TFinder is written in Python 3. The source code is available at https://github.com/Jumitti/TFinder and can be accessed as a web application implemented in Streamlit at https://tfinder-ipmc.streamlit.app. More details are available in Fig. 2 and “Resources” tab on TFinder.
TFinder makes it easy to recover the regulatory sequences of genes using genes name, ENTREZ_GENE_IDs or transcriptional variants using the XM, NM, XR, NR accession code thanks to the NCBI API (10). By configuring the species, the region of a gene and the number of upstream/downstream base pairs, TFinder extracts an unlimited number of sequences in FASTA format in the 5′ end to 3′ end direction of the gene. The Transcription Start Site (TSS) and the end of the gene coordinates are found in the GeneBank in the ACCESSION category and refer to the chromosomal location. We use these coordinates to directly extract the surrounding region via the NCBI API. TFinder displays the sequences with the corresponding chromosomal coordinate (See “Resources” on TFinder for more details). It is also possible to paste any nucleotides sequence recovered from other databases.

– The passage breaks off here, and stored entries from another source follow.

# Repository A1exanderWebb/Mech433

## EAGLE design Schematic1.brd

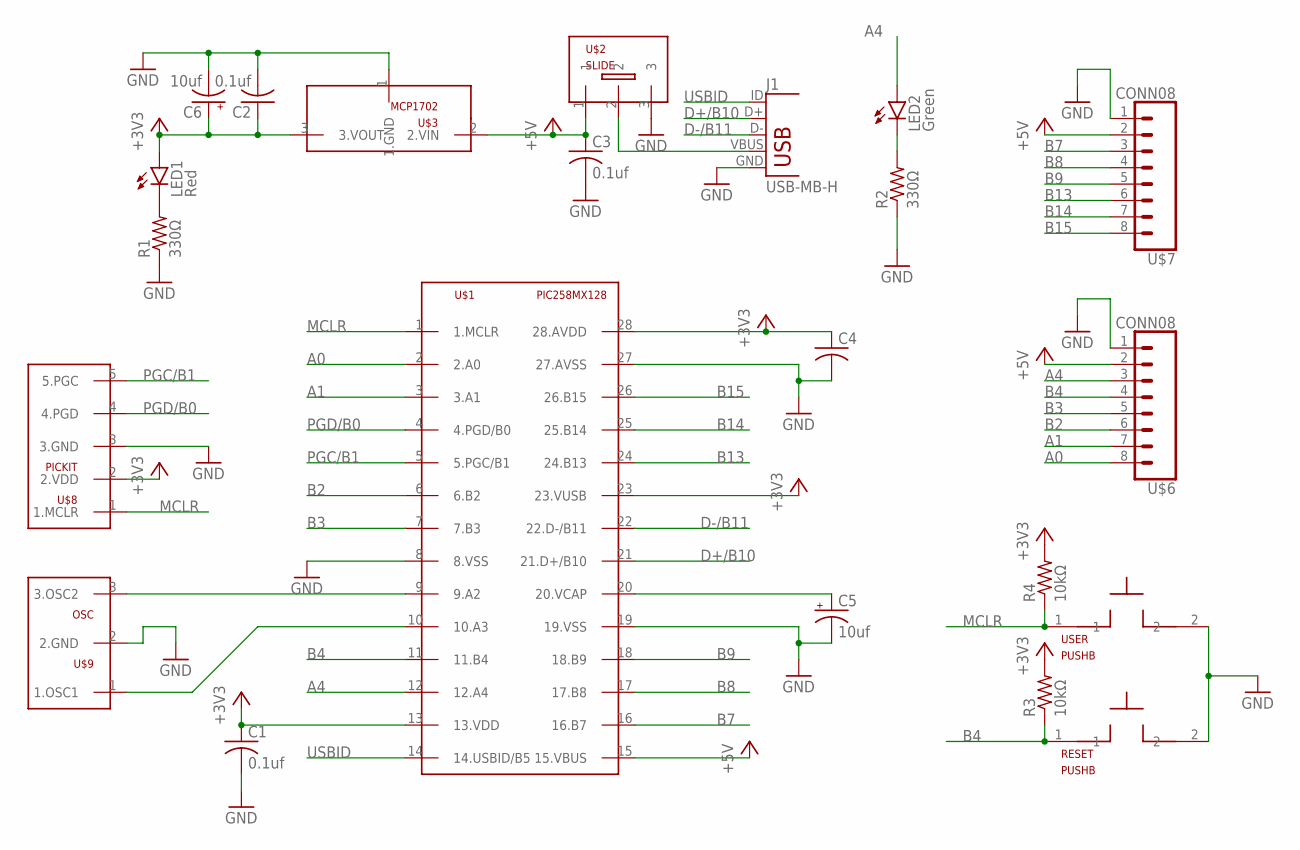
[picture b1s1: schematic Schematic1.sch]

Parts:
C1, C2, C3: 0.1uf; C025-025X050
C4: C-US025-025X050; C025-025X050
C5, C6: 10uf; B45181B
J1: USB-MB-H
LED1: Red; LED3MM
LED2: Green; LED3MM
R1, R2: 330Ω; 0207/10
R3, R4: 10kΩ; 0207/10
RESET: PUSHB
U$1: PIC258MX128; DIL28-3
U$2: SLIDE
U$3: MCP1702; TO92
U$6, U$7: CONN08; 1X08
U$8: PICKIT; 1X05
U$9: OSC
USER: PUSHB

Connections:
+3V3: C1.1, C2.1, C4.1, C6.+, LED1.A, R3.2, R4.2, U$1.13 (13.VDD), U$1.23 (23.VUSB), U$1.28 (28.AVDD), U$3.3 (3.VOUT), U$8.2 (2.VDD)
+5V: C3.1, U$1.15 (15.VBUS), U$2.1, U$3.2 (2.VIN), U$6.2, U$7.2
A0: U$1.2 (2.A0), U$6.8
A1: U$1.3 (3.A1), U$6.7
A4: LED2.A, U$1.12 (12.A4), U$6.3
B2: U$1.6 (6.B2), U$6.6
B3: U$1.7 (7.B3), U$6.5
B4: R3.1, RESET.1, U$1.11 (11.B4), U$6.4
B7: U$1.16 (16.B7), U$7.3
B8: U$1.17 (17.B8), U$7.4
B9: U$1.18 (18.B9), U$7.5
B13: U$1.24 (24.B13), U$7.6
B14: U$1.25 (25.B14), U$7.7
B15: U$1.26 (26.B15), U$7.8
D+/B10: J1.D+, U$1.21 (21.D+/B10)
D-/B11: J1.D-, U$1.22 (22.D-/B11)
GND: C1.2, C2.2, C3.2, C4.2, C5.-, C6.-, J1.GND, R1.1, R2.1, RESET.2, U$1.8 (8.VSS), U$1.19 (19.VSS), U$1.27 (27.AVSS), U$2.3, U$3.1 (1.GND), U$6.1, U$7.1, U$8.3 (3.GND), U$9.2 (2.GND), USER.2
MCLR: R4.1, U$1.1 (1.MCLR), U$8.1 (1.MCLR), USER.1
unnamed: J1.VBUS, U$2.2
unnamed: U$1.9 (9.A2), U$9.3 (3.OSC2)
unnamed: LED1.K (C), R1.2
unnamed: U$1.10 (10.A3), U$9.1 (1.OSC1)
unnamed: C5.+, U$1.20 (20.VCAP)
unnamed: LED2.K (C), R2.2
PGC/B1: U$1.5 (5.PGC/B1), U$8.5 (5.PGC)
PGD/B0: U$1.4 (4.PGD/B0), U$8.4 (4.PGD)
USBID: J1.ID, U$1.14 (14.USBID/B5)

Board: 2 copper layers, 22 parts (0 on the bottom side), 27 nets, no tracks yet.

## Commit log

2019-04-09 Moved items to folder
2019-04-18 Homework 4
2019-04-22 Updated timing oh HW 1
2019-04-22 added fps counter to hw 6
    debatabley does not work.
2019-04-22 Changed colors and timing
2019-04-28 added photo
    to class 4
2019-05-02 Class 5
    no wifi for most of this assignment, first commit=last commit
2019-05-16 Class 8
2019-05-21 Added photos
    Broke everything else
2019-05-24 HW10 up and running
2019-05-24 HW11
2019-05-24 recalculated constants
2019-05-24 Added Cad Files
2019-05-24 Photos
2019-05-28 Homework 12
    mouse works (sometimes)
2019-06-05 Added Plots
2019-06-14 Final Tech cup

The IM/TFBS used in the query can be a custom IM/TFBS not listed in the databases. TFinder supports the IUPAC code. It uses a PWM to facilitate calculation time and generates a Weblogo with LogoMaker (11). Similarly, you can use several TFBS sequences experimentally validated (or not) to generate a PWM and use it as an IM/TFBS. Importantly, TFinder accepts JASPAR IDs thanks to JASPAR API (10.11). Using the gene region extraction tool, TFinder indicates the position of the IM found relative to the TSS or relative to the end of the gene (Rel Position). By default, it uses the start of the nucleotides sequences as a reference position (Position). For each k-mer of the PWM’s length (nucleotides sequence of PWM’s length), a score is calculated by summing the corresponding frequencies of each nucleotide (A, T, C or G) at each position. To refine the Score k-mer calculation, the Relative Score (Rel Score) is calculated as follows:
$$Relative Score=\frac{Score kmer-Min Score PWM}{Max Score PWM-Min Score PWM}$$
The Rel Score uses the maximum and the minimum scores of the reference PWM. The Rel Score determines the similarity between TFinder identified and referenced IMs. Thus, the closer the Rel Score is to 1, the more likely a true positive IM is present in the analyzed sequence. TFinder employs an automatic Rel Score Threshold to filter out less relevant results but allows users to tailor this parameter according to their preferences. TFinder also provides a statistical analysis of the Rel Score by the calculation of a P-value, according to the following formula:
$$P-value=\frac{Nb Rel Score random kmer\ge Rel Score \text{I}\text{M}/TFBS }{Nb random kmer}$$
For this purpose, one million of k-mer random sequences are generated according to the proportion of A, T, G and C in the analyzed sequence. TFinder also allow the parametrizing of nucleotide frequency (A: 0.275, T: 0.275, G: 0.225, C: 0.225). Since the Streamlit cloud server has resource limits, the nucleotide frequency is constrained to a maximum of ten sequences for the calculation of the P-value. For each k-mer randomly generated, the Rel Score is calculated as described above. The P-value represents the probability that a random sequence has a Rel Score equal or greater than the Rel Score of IM/TFBS found.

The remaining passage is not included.